=== RECORDS FOR THIS EXERCISE ===

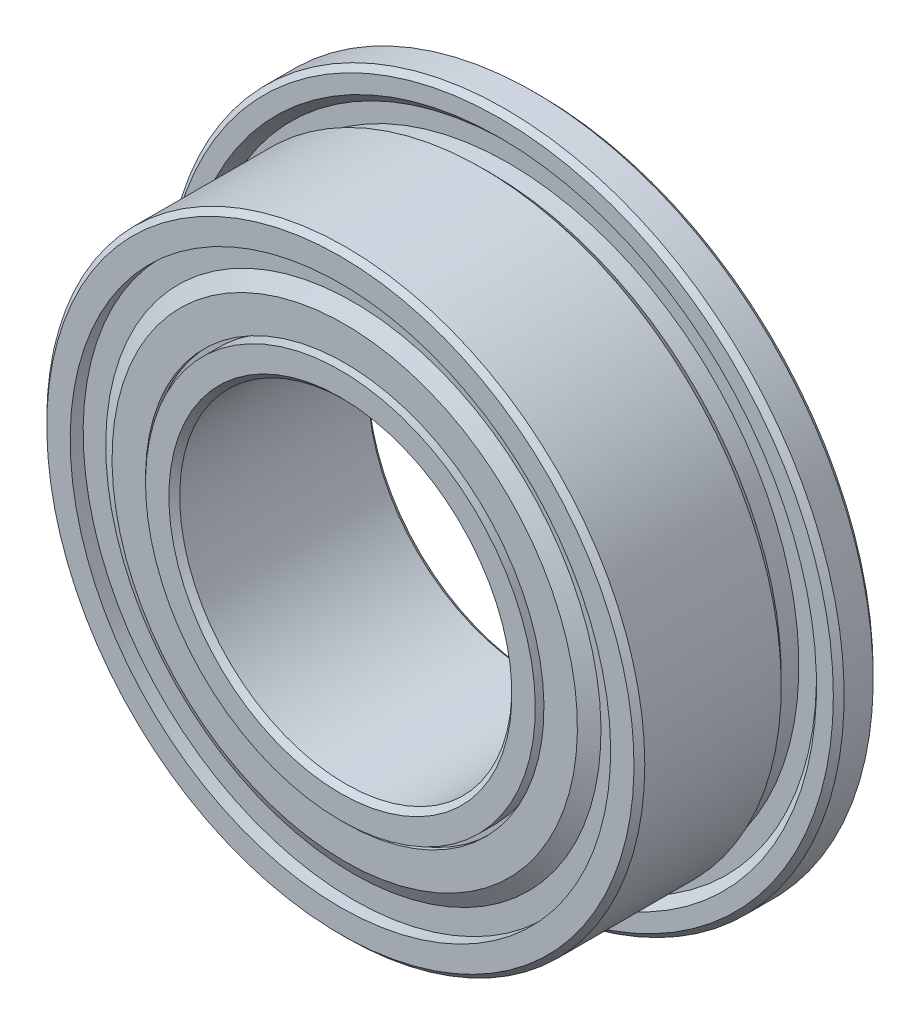
ISO-10303-21;
HEADER;
FILE_DESCRIPTION(('STEP AP214'),'2;1');
FILE_NAME('part.step','',(''),(''),'','','');
FILE_SCHEMA(('AUTOMOTIVE_DESIGN { 1 0 10303 214 1 1 1 1 }'));
ENDSEC;
DATA;
#1=APPLICATION_CONTEXT('core data for automotive mechanical design processes');
#2=APPLICATION_PROTOCOL_DEFINITION('international standard','automotive_design',2000,#1);
#3=PRODUCT_CONTEXT('',#1,'mechanical');
#4=PRODUCT('Part','Part','',(#3));
#5=PRODUCT_RELATED_PRODUCT_CATEGORY('part','',(#4));
#6=PRODUCT_DEFINITION_FORMATION('','',#4);
#7=PRODUCT_DEFINITION_CONTEXT('part definition',#1,'design');
#8=PRODUCT_DEFINITION('design','',#6,#7);
#9=PRODUCT_DEFINITION_SHAPE('','',#8);
#10=(LENGTH_UNIT() NAMED_UNIT(*) SI_UNIT(.MILLI.,.METRE.));
#11=(NAMED_UNIT(*) PLANE_ANGLE_UNIT() SI_UNIT($,.RADIAN.));
#12=(NAMED_UNIT(*) SI_UNIT($,.STERADIAN.) SOLID_ANGLE_UNIT());
#13=UNCERTAINTY_MEASURE_WITH_UNIT(LENGTH_MEASURE(1.E-05),#10,'distance_accuracy_value','');
#14=(GEOMETRIC_REPRESENTATION_CONTEXT(3) GLOBAL_UNCERTAINTY_ASSIGNED_CONTEXT((#13)) GLOBAL_UNIT_ASSIGNED_CONTEXT((#10,
#11,#12)) REPRESENTATION_CONTEXT('',''));
#15=CARTESIAN_POINT('',(0.,0.,0.));
#16=DIRECTION('',(0.,0.,1.));
#17=DIRECTION('',(1.,0.,0.));
#18=AXIS2_PLACEMENT_3D('',#15,#16,#17);
#19=CARTESIAN_POINT('',(0.,0.,0.));
#20=DIRECTION('',(0.,0.,1.));
#21=DIRECTION('',(0.,-1.,0.));
#22=AXIS2_PLACEMENT_3D('',#19,#20,#21);
#23=CYLINDRICAL_SURFACE('',#22,4.06666666666667);
#24=CARTESIAN_POINT('',(0.,0.,-1.24));
#25=DIRECTION('',(0.,0.,1.));
#26=DIRECTION('',(0.,-1.,0.));
#27=AXIS2_PLACEMENT_3D('',#24,#25,#26);
#28=CIRCLE('',#27,4.06666666666667);
#29=CARTESIAN_POINT('',(0.,-4.06666666666667,-1.24));
#30=VERTEX_POINT('',#29);
#31=EDGE_CURVE('E73',#30,#30,#28,.T.);
#32=ORIENTED_EDGE('',*,*,#31,.F.);
#33=EDGE_LOOP('',(#32));
#34=FACE_BOUND('',#33,.T.);
#35=CARTESIAN_POINT('',(0.,0.,-1.305));
#36=DIRECTION('',(0.,0.,1.));
#37=DIRECTION('',(0.,-1.,0.));
#38=AXIS2_PLACEMENT_3D('',#35,#36,#37);
#39=CIRCLE('',#38,4.06666666666667);
#40=CARTESIAN_POINT('',(0.,-4.06666666666667,-1.305));
#41=VERTEX_POINT('',#40);
#42=EDGE_CURVE('E12',#41,#41,#39,.T.);
#43=ORIENTED_EDGE('',*,*,#42,.T.);
#44=EDGE_LOOP('',(#43));
#45=FACE_BOUND('',#44,.T.);
#46=ADVANCED_FACE('F45',(#34,#45),#23,.T.);
#47=CARTESIAN_POINT('',(0.,4.06666666666667,-1.305));
#48=DIRECTION('',(0.,0.,1.));
#49=DIRECTION('',(0.,-1.,0.));
#50=AXIS2_PLACEMENT_3D('',#47,#48,#49);
#51=PLANE('',#50);
#52=ORIENTED_EDGE('',*,*,#42,.F.);
#53=EDGE_LOOP('',(#52));
#54=FACE_BOUND('',#53,.T.);
#55=CARTESIAN_POINT('',(0.,0.,-1.305));
#56=DIRECTION('',(0.,0.,1.));
#57=DIRECTION('',(0.,-1.,0.));
#58=AXIS2_PLACEMENT_3D('',#55,#56,#57);
#59=CIRCLE('',#58,3.72694050703183);
#60=CARTESIAN_POINT('',(0.,-3.72694050703183,-1.305));
#61=VERTEX_POINT('',#60);
#62=EDGE_CURVE('E51',#61,#61,#59,.T.);
#63=ORIENTED_EDGE('',*,*,#62,.T.);
#64=EDGE_LOOP('',(#63));
#65=FACE_BOUND('',#64,.T.);
#66=ADVANCED_FACE('F80',(#54,#65),#51,.F.);
#67=CARTESIAN_POINT('',(0.,0.,-1.435));
#68=DIRECTION('',(0.,0.,1.));
#69=DIRECTION('',(0.,-1.,0.));
#70=AXIS2_PLACEMENT_3D('',#67,#68,#69);
#71=CONICAL_SURFACE('',#70,3.50177390204788,1.0471975511966);
#72=ORIENTED_EDGE('',*,*,#62,.F.);
#73=EDGE_LOOP('',(#72));
#74=FACE_BOUND('',#73,.T.);
#75=CARTESIAN_POINT('',(0.,0.,-1.435));
#76=DIRECTION('',(0.,0.,1.));
#77=DIRECTION('',(0.,-1.,0.));
#78=AXIS2_PLACEMENT_3D('',#75,#76,#77);
#79=CIRCLE('',#78,3.50177390204788);
#80=CARTESIAN_POINT('',(0.,-3.50177390204788,-1.435));
#81=VERTEX_POINT('',#80);
#82=EDGE_CURVE('E55',#81,#81,#79,.T.);
#83=ORIENTED_EDGE('',*,*,#82,.T.);
#84=EDGE_LOOP('',(#83));
#85=FACE_BOUND('',#84,.T.);
#86=ADVANCED_FACE('F84',(#74,#85),#71,.T.);
#87=CARTESIAN_POINT('',(0.,3.50177390204788,-1.435));
#88=DIRECTION('',(0.,0.,1.));
#89=DIRECTION('',(0.,-1.,0.));
#90=AXIS2_PLACEMENT_3D('',#87,#88,#89);
#91=PLANE('',#90);
#92=ORIENTED_EDGE('',*,*,#82,.F.);
#93=EDGE_LOOP('',(#92));
#94=FACE_BOUND('',#93,.T.);
#95=CARTESIAN_POINT('',(0.,0.,-1.435));
#96=DIRECTION('',(0.,0.,1.));
#97=DIRECTION('',(0.,-1.,0.));
#98=AXIS2_PLACEMENT_3D('',#95,#96,#97);
#99=CIRCLE('',#98,2.99833333333333);
#100=CARTESIAN_POINT('',(0.,-2.99833333333333,-1.435));
#101=VERTEX_POINT('',#100);
#102=EDGE_CURVE('E59',#101,#101,#99,.T.);
#103=ORIENTED_EDGE('',*,*,#102,.T.);
#104=EDGE_LOOP('',(#103));
#105=FACE_BOUND('',#104,.T.);
#106=ADVANCED_FACE('F89',(#94,#105),#91,.F.);
#107=CARTESIAN_POINT('',(0.,0.,0.));
#108=DIRECTION('',(0.,0.,1.));
#109=DIRECTION('',(0.,-1.,0.));
#110=AXIS2_PLACEMENT_3D('',#107,#108,#109);
#111=CYLINDRICAL_SURFACE('',#110,2.99833333333333);
#112=ORIENTED_EDGE('',*,*,#102,.F.);
#113=EDGE_LOOP('',(#112));
#114=FACE_BOUND('',#113,.T.);
#115=CARTESIAN_POINT('',(0.,0.,-1.37));
#116=DIRECTION('',(0.,0.,1.));
#117=DIRECTION('',(0.,-1.,0.));
#118=AXIS2_PLACEMENT_3D('',#115,#116,#117);
#119=CIRCLE('',#118,2.99833333333333);
#120=CARTESIAN_POINT('',(0.,-2.99833333333333,-1.37));
#121=VERTEX_POINT('',#120);
#122=EDGE_CURVE('E64',#121,#121,#119,.T.);
#123=ORIENTED_EDGE('',*,*,#122,.T.);
#124=EDGE_LOOP('',(#123));
#125=FACE_BOUND('',#124,.T.);
#126=ADVANCED_FACE('F95',(#114,#125),#111,.F.);
#127=CARTESIAN_POINT('',(0.,3.48435720453986,-1.37));
#128=DIRECTION('',(0.,0.,-1.));
#129=DIRECTION('',(0.,1.,0.));
#130=AXIS2_PLACEMENT_3D('',#127,#128,#129);
#131=PLANE('',#130);
#132=ORIENTED_EDGE('',*,*,#122,.F.);
#133=EDGE_LOOP('',(#132));
#134=FACE_BOUND('',#133,.T.);
#135=CARTESIAN_POINT('',(0.,0.,-1.37));
#136=DIRECTION('',(0.,0.,1.));
#137=DIRECTION('',(0.,-1.,0.));
#138=AXIS2_PLACEMENT_3D('',#135,#136,#137);
#139=CIRCLE('',#138,3.48435720453986);
#140=CARTESIAN_POINT('',(0.,-3.48435720453986,-1.37));
#141=VERTEX_POINT('',#140);
#142=EDGE_CURVE('E67',#141,#141,#139,.T.);
#143=ORIENTED_EDGE('',*,*,#142,.T.);
#144=EDGE_LOOP('',(#143));
#145=FACE_BOUND('',#144,.T.);
#146=ADVANCED_FACE('F99',(#134,#145),#131,.F.);
#147=CARTESIAN_POINT('',(0.,0.,-1.24));
#148=DIRECTION('',(0.,0.,1.));
#149=DIRECTION('',(0.,-1.,0.));
#150=AXIS2_PLACEMENT_3D('',#147,#148,#149);
#151=CONICAL_SURFACE('',#150,3.70952380952381,1.0471975511966);
#152=ORIENTED_EDGE('',*,*,#142,.F.);
#153=EDGE_LOOP('',(#152));
#154=FACE_BOUND('',#153,.T.);
#155=CARTESIAN_POINT('',(0.,0.,-1.24));
#156=DIRECTION('',(0.,0.,1.));
#157=DIRECTION('',(0.,-1.,0.));
#158=AXIS2_PLACEMENT_3D('',#155,#156,#157);
#159=CIRCLE('',#158,3.70952380952381);
#160=CARTESIAN_POINT('',(0.,-3.70952380952381,-1.24));
#161=VERTEX_POINT('',#160);
#162=EDGE_CURVE('E70',#161,#161,#159,.T.);
#163=ORIENTED_EDGE('',*,*,#162,.T.);
#164=EDGE_LOOP('',(#163));
#165=FACE_BOUND('',#164,.T.);
#166=ADVANCED_FACE('F103',(#154,#165),#151,.F.);
#167=CARTESIAN_POINT('',(0.,4.06666666666667,-1.24));
#168=DIRECTION('',(0.,0.,-1.));
#169=DIRECTION('',(0.,1.,0.));
#170=AXIS2_PLACEMENT_3D('',#167,#168,#169);
#171=PLANE('',#170);
#172=ORIENTED_EDGE('',*,*,#162,.F.);
#173=EDGE_LOOP('',(#172));
#174=FACE_BOUND('',#173,.T.);
#175=ORIENTED_EDGE('',*,*,#31,.T.);
#176=EDGE_LOOP('',(#175));
#177=FACE_BOUND('',#176,.T.);
#178=ADVANCED_FACE('F77',(#174,#177),#171,.F.);
#179=CLOSED_SHELL('',(#46,#66,#86,#106,#126,#146,#166,#178));
#180=MANIFOLD_SOLID_BREP('B2',#179);
#181=CARTESIAN_POINT('',(0.,0.,0.));
#182=DIRECTION('',(0.,0.,1.));
#183=DIRECTION('',(0.,-1.,0.));
#184=AXIS2_PLACEMENT_3D('',#181,#182,#183);
#185=CYLINDRICAL_SURFACE('',#184,4.06666666666667);
#186=CARTESIAN_POINT('',(0.,0.,1.305));
#187=DIRECTION('',(0.,0.,1.));
#188=DIRECTION('',(0.,-1.,0.));
#189=AXIS2_PLACEMENT_3D('',#186,#187,#188);
#190=CIRCLE('',#189,4.06666666666667);
#191=CARTESIAN_POINT('',(0.,-4.06666666666667,1.305));
#192=VERTEX_POINT('',#191);
#193=EDGE_CURVE('E44',#192,#192,#190,.T.);
#194=ORIENTED_EDGE('',*,*,#193,.F.);
#195=EDGE_LOOP('',(#194));
#196=FACE_BOUND('',#195,.T.);
#197=CARTESIAN_POINT('',(0.,0.,1.24));
#198=DIRECTION('',(0.,0.,1.));
#199=DIRECTION('',(0.,-1.,0.));
#200=AXIS2_PLACEMENT_3D('',#197,#198,#199);
#201=CIRCLE('',#200,4.06666666666667);
#202=CARTESIAN_POINT('',(0.,-4.06666666666667,1.24));
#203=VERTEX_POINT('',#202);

===

> TASK STATEMENT:
Print each line, exactly as written, from the one that contains "#196=FACE_BOUND('',#195,.T.);" to the end of the data above, with both end lines included and nothing else.

> FINISHED TASK:
#196=FACE_BOUND('',#195,.T.);
#197=CARTESIAN_POINT('',(0.,0.,1.24));
#198=DIRECTION('',(0.,0.,1.));
#199=DIRECTION('',(0.,-1.,0.));
#200=AXIS2_PLACEMENT_3D('',#197,#198,#199);
#201=CIRCLE('',#200,4.06666666666667);
#202=CARTESIAN_POINT('',(0.,-4.06666666666667,1.24));
#203=VERTEX_POINT('',#202);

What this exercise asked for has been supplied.